--- START ---
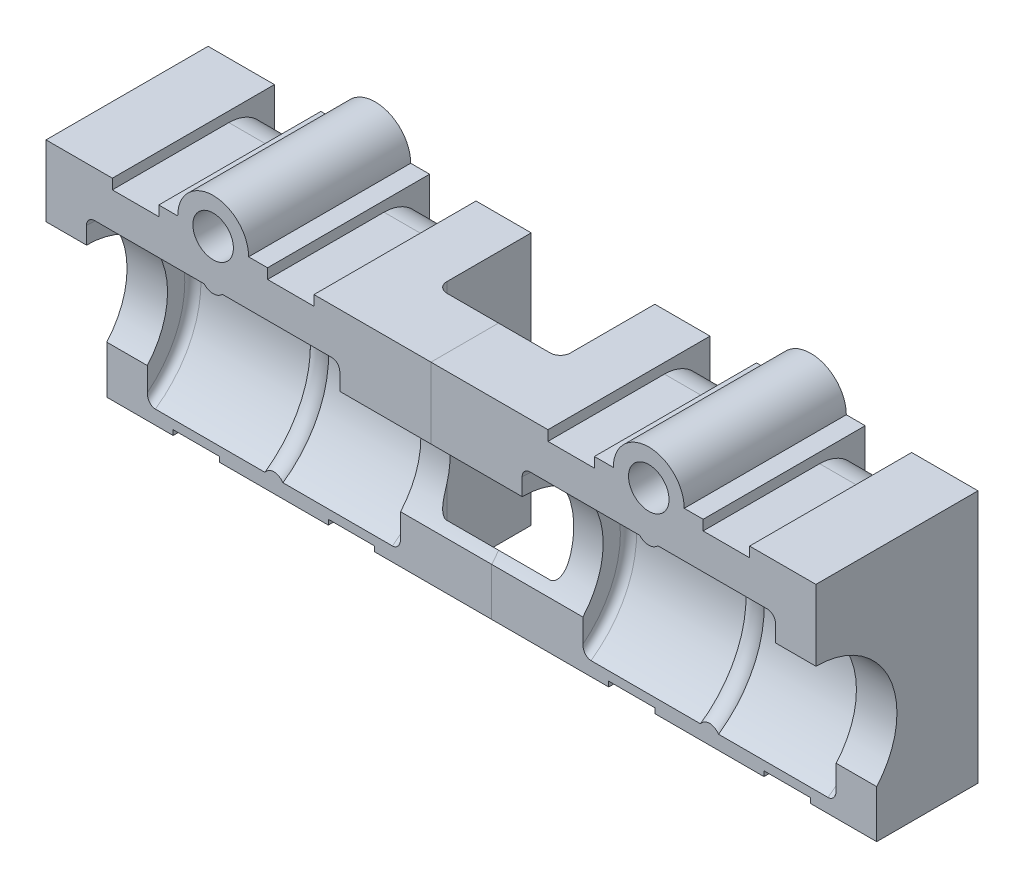
SolidWorks part; units mm, degrees
ref_plane "Front Plane" through (0, 0, 0) normal (0, 0, 1) x (1, 0, 0)
ref_plane "Top Plane" through (0, 0, 0) normal (0, 1, 0) x (1, 0, 0)
ref_plane "Right Plane" through (0, 0, 0) normal (1, 0, 0) x (0, 0, -1)
sketch "Sketch1" plane through (0, 0, 0) normal (0, 0, 1) x (1, 0, 0)
  line L2 (0, 0) -> (0, 19.9169) construction
  line L3 (0, 0) -> (69.2216, 0) construction
  circle A0 centre (0, 0) radius 9 construction
sketch "Sketch2" plane through (0, 0, 0) normal (0, 0, 1) x (1, 0, 0)
  line L0 (22.3944, 10.5) -> (33.2, 10.5)
  line L2 (20.6056, 10.5) -> (9.8, 10.5)
  line L3 (9, 0) -> (9, 9.7)
  line L5 (9, 0) -> (34, 0)
  line L6 (34, 0) -> (34, 9.7)
  arc A0 (20.6056, 10.5) -> (22.3944, 10.5) centre (21.5, 11.3) ccw
  arc A2 (9.8, 10.5) -> (9, 9.7) centre (9.8, 9.7) ccw
  arc A3 (33.2, 10.5) -> (34, 9.7) centre (33.2, 9.7) cw
  dimension "D1" = 25
sketch "Sketch3" plane through (0, 0, 0) normal (0, 0, 1) x (1, 0, 0)
  line L0 (21.5, 18.5) -> (0, 18.5) construction
  line L1 (0, 0) -> (0, 19.9169) construction
  circle A0 centre (21.5, 15) radius 2
  circle A1 centre (21.5, 15) radius 3.5 construction
sketch "Sketch4" plane through (0, 0, 0) normal (0, 0, 1) x (1, 0, 0)
  line L0 (21.5, 20) -> (21.5, 15) construction
  line L1 (11.5497, 15) -> (0, 15)
  line L2 (31.4503, 15) -> (38, 15)
  line L3 (16.1323, 15) -> (18, 15)
  line L4 (2.5, 15) -> (40.5, 15) construction
  line L5 (25, 15) -> (26.8677, 15)
  line L6 (11.5497, 14) -> (16.1323, 14)
  line L7 (0, 15) -> (0, 25)
  line L8 (0, 0) -> (0, 19.9169) construction
  line L9 (38, 15) -> (38, 25)
  line L10 (0, 25) -> (38, 25)
  line L12 (31.4503, 14) -> (26.8677, 14)
  line L13 (11.5497, 14) -> (11.5497, 15)
  line L14 (16.1323, 14) -> (16.1323, 15)
  line L15 (26.8677, 14) -> (26.8677, 15)
  line L16 (31.4503, 14) -> (31.4503, 15)
  line L17 (0, 0) -> (-49.4401, 0) construction
  circle A0 centre (21.5, 15) radius 2
  circle A2 centre (21.5, 15) radius 3.5 construction
  arc A6 (18, 15) -> (25, 15) centre (21.5, 15) cw
sketch "Sketch5" plane through (0, 0, 0) normal (1, 0, 0) x (0, 0, -1)
  line L1 (0, 18.5) -> (16, 18.5)
  line L2 (0, 8) -> (0, 18.5)
  line L3 (6, -5.2915) -> (6, -10)
  line L4 (6, -10) -> (16, -10)
  line L5 (16, -10) -> (16, 18.5)
  circle A0 centre (0, 0) radius 10.5 construction
  arc A2 (0, 8) -> (6, -5.2915) centre (0, 0) cw
  dimension "D1" = 16
extrude "Boss-Extrude1" add sketch "Sketch5" along normal blind 38 separate body
revolve "Cut-Revolve1" cut sketch "Sketch2" angle 360 about L3
sketch "Sketch7" plane through (0, -10, 0) normal (0, -1, 0) x (1, 0, 0)
  line L3 (0, -6) -> (38, -6) construction
  line L4 (21.5, 0) -> (21.5, -18.5) construction
ref_plane "Plane1" through (0, 0, -6) normal (0, 0, 1) x (1, 0, 0)
ref_axis "Axis2" through (120.2323, 0, 0) along (-1, 0, 0)
sketch "Sketch11" plane through (0, 0, 0) normal (0, 0, 1) x (1, 0, 0)
  line L0 (21.5, 15) -> (21.5, -10) construction
  line L1 (31.4503, -9.5) -> (26.8677, -9.5)
  line L2 (26.8677, -10.5) -> (31.4503, -10.5)
  line L3 (13.841, -15) -> (13.841, -10) construction
  line L4 (2.5, -10) -> (40.5, -10) construction
  line L5 (11.5497, -10.5) -> (11.5497, -9.5)
  line L6 (16.1323, -9.5) -> (16.1323, -10.5)
  line L7 (16.1323, -10.5) -> (11.5497, -10.5)
  line L8 (11.5497, -9.5) -> (16.1323, -9.5)
  line L9 (29.159, -15) -> (29.159, -10) construction
  line L11 (26.8677, -9.5) -> (26.8677, -10.5)
  line L12 (31.4503, -10.5) -> (31.4503, -9.5)
  line L17 (0, 0) -> (-49.4401, 0) construction
sketch "Sketch12" plane through (0, 0, 0) normal (1, 0, 0) x (0, 0, -1)
  line L0 (0, 0) -> (0, -11.6619) construction
  line L4 (0, 9) -> (0, -9) construction
  circle A0 centre (0, 0) radius 11.6619 construction
extrude "Cut-Extrude1" cut sketch "Sketch4" against normal blind 38
extrude "Cut-Extrude2" cut sketch "Sketch11" against normal blind 30
ref_plane "Plane2" through (0, -10, 0) normal (0, -1, 0) x (1, 0, 0)
sketch "Sketch13" plane through (0, -10, 0) normal (0, -1, 0) x (1, 0, 0)
  line L0 (21.5, 15) -> (21.5, -10) construction
  line L1 (31.4503, -15.5) -> (26.8677, -15.5)
  line L2 (26.8677, -16.5) -> (31.4503, -16.5)
  line L3 (13.841, -21) -> (13.841, -16) construction
  line L4 (2.5, -16) -> (40.5, -16) construction
  line L5 (11.5497, -16.5) -> (11.5497, -15.5)
  line L6 (16.1323, -15.5) -> (16.1323, -16.5)
  line L7 (16.1323, -16.5) -> (11.5497, -16.5)
  line L8 (11.5497, -15.5) -> (16.1323, -15.5)
  line L9 (29.159, -21) -> (29.159, -16) construction
  line L10 (13.841, -17.5) -> (13.841, -16) construction
  line L11 (26.8677, -15.5) -> (26.8677, -16.5)
  line L12 (31.4503, -16.5) -> (31.4503, -15.5)
  line L13 (16.1323, -16) -> (11.5497, -16) construction
  line L17 (0, 0) -> (-49.4401, 0) construction
extrude "Cut-Extrude3" cut sketch "Sketch13" against normal blind 30
fillet "Fillet1" radius 4 4 edges at (13.841, -9.5, -15.5) (29.159, -9.5, -15.5) (13.841, 14, -15.5) (29.159, 14, -15.5)
mirror "Mirror1" about plane through (0, 0, 0) normal (1, 0, 0) of bodies 111
ref_plane "Plane3" through (0, -10, 0) normal (0, -1, 0) x (1, 0, 0)
sketch "Sketch14" plane through (0, -10, 0) normal (0, -1, 0) x (1, 0, 0)
  line L0 (0, 0) -> (0, 23.2641) construction
  line L1 (6.1, -17.6718) -> (6.1, -7.6718)
  line L2 (-5.1, -6.6718) -> (5.1, -6.6718)
  line L4 (-5.1, -18.6718) -> (5.1, -18.6718)
  line L5 (-6.1, -17.6718) -> (-6.1, -7.6718)
  arc A0 (-5.1, -18.6718) -> (-6.1, -17.6718) centre (-5.1, -17.6718) cw
  arc A1 (5.1, -18.6718) -> (6.1, -17.6718) centre (5.1, -17.6718) ccw
  arc A2 (6.1, -7.6718) -> (5.1, -6.6718) centre (5.1, -7.6718) ccw
  arc A3 (-6.1, -7.6718) -> (-5.1, -6.6718) centre (-5.1, -7.6718) cw
  dimension "D1" = 1
  dimension "D2" = 1
extrude "Cut-Extrude4" cut sketch "Sketch14" against normal blind 40
--- END ---
Starting with the line with "arc A3 (33.2, 10.5)" above and going on through the line with "line L4 (21.5, 0)", transcribe every line exactly, both ends included, and add nothing.

Reply:
  arc A3 (33.2, 10.5) -> (34, 9.7) centre (33.2, 9.7) cw
  dimension "D1" = 25
sketch "Sketch3" plane through (0, 0, 0) normal (0, 0, 1) x (1, 0, 0)
  line L0 (21.5, 18.5) -> (0, 18.5) construction
  line L1 (0, 0) -> (0, 19.9169) construction
  circle A0 centre (21.5, 15) radius 2
  circle A1 centre (21.5, 15) radius 3.5 construction
sketch "Sketch4" plane through (0, 0, 0) normal (0, 0, 1) x (1, 0, 0)
  line L0 (21.5, 20) -> (21.5, 15) construction
  line L1 (11.5497, 15) -> (0, 15)
  line L2 (31.4503, 15) -> (38, 15)
  line L3 (16.1323, 15) -> (18, 15)
  line L4 (2.5, 15) -> (40.5, 15) construction
  line L5 (25, 15) -> (26.8677, 15)
  line L6 (11.5497, 14) -> (16.1323, 14)
  line L7 (0, 15) -> (0, 25)
  line L8 (0, 0) -> (0, 19.9169) construction
  line L9 (38, 15) -> (38, 25)
  line L10 (0, 25) -> (38, 25)
  line L12 (31.4503, 14) -> (26.8677, 14)
  line L13 (11.5497, 14) -> (11.5497, 15)
  line L14 (16.1323, 14) -> (16.1323, 15)
  line L15 (26.8677, 14) -> (26.8677, 15)
  line L16 (31.4503, 14) -> (31.4503, 15)
  line L17 (0, 0) -> (-49.4401, 0) construction
  circle A0 centre (21.5, 15) radius 2
  circle A2 centre (21.5, 15) radius 3.5 construction
  arc A6 (18, 15) -> (25, 15) centre (21.5, 15) cw
sketch "Sketch5" plane through (0, 0, 0) normal (1, 0, 0) x (0, 0, -1)
  line L1 (0, 18.5) -> (16, 18.5)
  line L2 (0, 8) -> (0, 18.5)
  line L3 (6, -5.2915) -> (6, -10)
  line L4 (6, -10) -> (16, -10)
  line L5 (16, -10) -> (16, 18.5)
  circle A0 centre (0, 0) radius 10.5 construction
  arc A2 (0, 8) -> (6, -5.2915) centre (0, 0) cw
  dimension "D1" = 16
extrude "Boss-Extrude1" add sketch "Sketch5" along normal blind 38 separate body
revolve "Cut-Revolve1" cut sketch "Sketch2" angle 360 about L3
sketch "Sketch7" plane through (0, -10, 0) normal (0, -1, 0) x (1, 0, 0)
  line L3 (0, -6) -> (38, -6) construction
  line L4 (21.5, 0) -> (21.5, -18.5) construction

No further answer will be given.